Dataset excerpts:
————
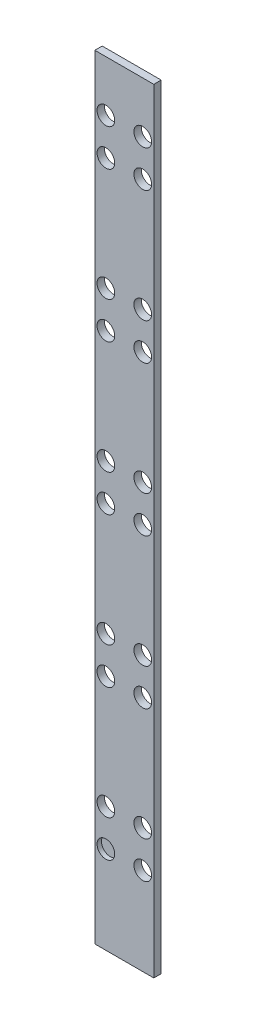
ISO-10303-21;
HEADER;
FILE_DESCRIPTION(('STEP AP214'),'2;1');
FILE_NAME('part.step','',(''),(''),'','','');
FILE_SCHEMA(('AUTOMOTIVE_DESIGN { 1 0 10303 214 1 1 1 1 }'));
ENDSEC;
DATA;
#1=APPLICATION_CONTEXT('core data for automotive mechanical design processes');
#2=APPLICATION_PROTOCOL_DEFINITION('international standard','automotive_design',2000,#1);
#3=PRODUCT_CONTEXT('',#1,'mechanical');
#4=PRODUCT('Part','Part','',(#3));
#5=PRODUCT_RELATED_PRODUCT_CATEGORY('part','',(#4));
#6=PRODUCT_DEFINITION_FORMATION('','',#4);
#7=PRODUCT_DEFINITION_CONTEXT('part definition',#1,'design');
#8=PRODUCT_DEFINITION('design','',#6,#7);
#9=PRODUCT_DEFINITION_SHAPE('','',#8);
#10=(LENGTH_UNIT() NAMED_UNIT(*) SI_UNIT(.MILLI.,.METRE.));
#11=(NAMED_UNIT(*) PLANE_ANGLE_UNIT() SI_UNIT($,.RADIAN.));
#12=(NAMED_UNIT(*) SI_UNIT($,.STERADIAN.) SOLID_ANGLE_UNIT());
#13=UNCERTAINTY_MEASURE_WITH_UNIT(LENGTH_MEASURE(1.E-05),#10,'distance_accuracy_value','');
#14=(GEOMETRIC_REPRESENTATION_CONTEXT(3) GLOBAL_UNCERTAINTY_ASSIGNED_CONTEXT((#13)) GLOBAL_UNIT_ASSIGNED_CONTEXT((#10,
#11,#12)) REPRESENTATION_CONTEXT('',''));
#15=CARTESIAN_POINT('',(0.,0.,0.));
#16=DIRECTION('',(0.,0.,1.));
#17=DIRECTION('',(1.,0.,0.));
#18=AXIS2_PLACEMENT_3D('',#15,#16,#17);
#19=CARTESIAN_POINT('',(2.,-52.5,-0.350000000000001));
#20=DIRECTION('',(0.,0.,-1.));
#21=DIRECTION('',(-1.,0.,0.));
#22=AXIS2_PLACEMENT_3D('',#19,#20,#21);
#23=PLANE('',#22);
#24=CARTESIAN_POINT('',(-1.25,-44.05,-0.35));
#25=DIRECTION('',(0.,0.,1.));
#26=DIRECTION('',(1.,0.,0.));
#27=AXIS2_PLACEMENT_3D('',#24,#25,#26);
#28=CIRCLE('',#27,0.600000000000003);
#29=CARTESIAN_POINT('',(-0.649999999999997,-44.05,-0.35));
#30=VERTEX_POINT('',#29);
#31=EDGE_CURVE('E244',#30,#30,#28,.T.);
#32=ORIENTED_EDGE('',*,*,#31,.T.);
#33=EDGE_LOOP('',(#32));
#34=FACE_BOUND('',#33,.T.);
#35=CARTESIAN_POINT('',(-1.25,-36.4,-0.35));
#36=DIRECTION('',(0.,0.,1.));
#37=DIRECTION('',(1.,0.,0.));
#38=AXIS2_PLACEMENT_3D('',#35,#36,#37);
#39=CIRCLE('',#38,0.600000000000003);
#40=CARTESIAN_POINT('',(-0.649999999999997,-36.4,-0.35));
#41=VERTEX_POINT('',#40);
#42=EDGE_CURVE('E253',#41,#41,#39,.T.);
#43=ORIENTED_EDGE('',*,*,#42,.T.);
#44=EDGE_LOOP('',(#43));
#45=FACE_BOUND('',#44,.T.);
#46=CARTESIAN_POINT('',(-1.25,-33.9,-0.35));
#47=DIRECTION('',(0.,0.,1.));
#48=DIRECTION('',(1.,0.,0.));
#49=AXIS2_PLACEMENT_3D('',#46,#47,#48);
#50=CIRCLE('',#49,0.600000000000003);
#51=CARTESIAN_POINT('',(-0.649999999999997,-33.9,-0.35));
#52=VERTEX_POINT('',#51);
#53=EDGE_CURVE('E261',#52,#52,#50,.T.);
#54=ORIENTED_EDGE('',*,*,#53,.T.);
#55=EDGE_LOOP('',(#54));
#56=FACE_BOUND('',#55,.T.);
#57=CARTESIAN_POINT('',(-1.25,-26.25,-0.35));
#58=DIRECTION('',(0.,0.,1.));
#59=DIRECTION('',(1.,0.,0.));
#60=AXIS2_PLACEMENT_3D('',#57,#58,#59);
#61=CIRCLE('',#60,0.6);
#62=CARTESIAN_POINT('',(-0.65,-26.25,-0.35));
#63=VERTEX_POINT('',#62);
#64=EDGE_CURVE('E269',#63,#63,#61,.T.);
#65=ORIENTED_EDGE('',*,*,#64,.T.);
#66=EDGE_LOOP('',(#65));
#67=FACE_BOUND('',#66,.T.);
#68=CARTESIAN_POINT('',(-1.25,-23.75,-0.35));
#69=DIRECTION('',(0.,0.,1.));
#70=DIRECTION('',(1.,0.,0.));
#71=AXIS2_PLACEMENT_3D('',#68,#69,#70);
#72=CIRCLE('',#71,0.6);
#73=CARTESIAN_POINT('',(-0.65,-23.75,-0.35));
#74=VERTEX_POINT('',#73);
#75=EDGE_CURVE('E277',#74,#74,#72,.T.);
#76=ORIENTED_EDGE('',*,*,#75,.T.);
#77=EDGE_LOOP('',(#76));
#78=FACE_BOUND('',#77,.T.);
#79=CARTESIAN_POINT('',(-1.25,-16.1,-0.35));
#80=DIRECTION('',(0.,0.,1.));
#81=DIRECTION('',(1.,0.,0.));
#82=AXIS2_PLACEMENT_3D('',#79,#80,#81);
#83=CIRCLE('',#82,0.6);
#84=CARTESIAN_POINT('',(-0.65,-16.1,-0.35));
#85=VERTEX_POINT('',#84);
#86=EDGE_CURVE('E285',#85,#85,#83,.T.);
#87=ORIENTED_EDGE('',*,*,#86,.T.);
#88=EDGE_LOOP('',(#87));
#89=FACE_BOUND('',#88,.T.);
#90=CARTESIAN_POINT('',(-1.25,-13.6,-0.35));
#91=DIRECTION('',(0.,0.,1.));
#92=DIRECTION('',(1.,0.,0.));
#93=AXIS2_PLACEMENT_3D('',#90,#91,#92);
#94=CIRCLE('',#93,0.6);
#95=CARTESIAN_POINT('',(-0.65,-13.6,-0.35));
#96=VERTEX_POINT('',#95);
#97=EDGE_CURVE('E293',#96,#96,#94,.T.);
#98=ORIENTED_EDGE('',*,*,#97,.T.);
#99=EDGE_LOOP('',(#98));
#100=FACE_BOUND('',#99,.T.);
#101=CARTESIAN_POINT('',(-1.25,-5.95,-0.35));
#102=DIRECTION('',(0.,0.,1.));
#103=DIRECTION('',(1.,0.,0.));
#104=AXIS2_PLACEMENT_3D('',#101,#102,#103);
#105=CIRCLE('',#104,0.6);
#106=CARTESIAN_POINT('',(-0.65,-5.95,-0.35));
#107=VERTEX_POINT('',#106);
#108=EDGE_CURVE('E301',#107,#107,#105,.T.);
#109=ORIENTED_EDGE('',*,*,#108,.T.);
#110=EDGE_LOOP('',(#109));
#111=FACE_BOUND('',#110,.T.);
#112=CARTESIAN_POINT('',(-1.25,-3.45,-0.35));
#113=DIRECTION('',(0.,0.,1.));
#114=DIRECTION('',(1.,0.,0.));
#115=AXIS2_PLACEMENT_3D('',#112,#113,#114);
#116=CIRCLE('',#115,0.6);
#117=CARTESIAN_POINT('',(-0.65,-3.45,-0.35));
#118=VERTEX_POINT('',#117);
#119=EDGE_CURVE('E309',#118,#118,#116,.T.);
#120=ORIENTED_EDGE('',*,*,#119,.T.);
#121=EDGE_LOOP('',(#120));
#122=FACE_BOUND('',#121,.T.);
#123=CARTESIAN_POINT('',(1.25,-46.55,-0.35));
#124=DIRECTION('',(0.,0.,1.));
#125=DIRECTION('',(1.,0.,0.));
#126=AXIS2_PLACEMENT_3D('',#123,#124,#125);
#127=CIRCLE('',#126,0.600000000000002);
#128=CARTESIAN_POINT('',(1.85,-46.55,-0.35));
#129=VERTEX_POINT('',#128);
#130=EDGE_CURVE('E317',#129,#129,#127,.T.);
#131=ORIENTED_EDGE('',*,*,#130,.T.);
#132=EDGE_LOOP('',(#131));
#133=FACE_BOUND('',#132,.T.);
#134=CARTESIAN_POINT('',(1.25,-44.05,-0.35));
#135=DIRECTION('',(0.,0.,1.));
————
Could you set down verbatim the lines from the beginning of the entries above through the line containing "#12=(NAMED_UNIT(*) SI_UNIT($,.STERADIAN.) SOLID_ANGLE_UNIT());", both included, leaving out the pictures?

ISO-10303-21;
HEADER;
FILE_DESCRIPTION(('STEP AP214'),'2;1');
FILE_NAME('part.step','',(''),(''),'','','');
FILE_SCHEMA(('AUTOMOTIVE_DESIGN { 1 0 10303 214 1 1 1 1 }'));
ENDSEC;
DATA;
#1=APPLICATION_CONTEXT('core data for automotive mechanical design processes');
#2=APPLICATION_PROTOCOL_DEFINITION('international standard','automotive_design',2000,#1);
#3=PRODUCT_CONTEXT('',#1,'mechanical');
#4=PRODUCT('Part','Part','',(#3));
#5=PRODUCT_RELATED_PRODUCT_CATEGORY('part','',(#4));
#6=PRODUCT_DEFINITION_FORMATION('','',#4);
#7=PRODUCT_DEFINITION_CONTEXT('part definition',#1,'design');
#8=PRODUCT_DEFINITION('design','',#6,#7);
#9=PRODUCT_DEFINITION_SHAPE('','',#8);
#10=(LENGTH_UNIT() NAMED_UNIT(*) SI_UNIT(.MILLI.,.METRE.));
#11=(NAMED_UNIT(*) PLANE_ANGLE_UNIT() SI_UNIT($,.RADIAN.));
#12=(NAMED_UNIT(*) SI_UNIT($,.STERADIAN.) SOLID_ANGLE_UNIT());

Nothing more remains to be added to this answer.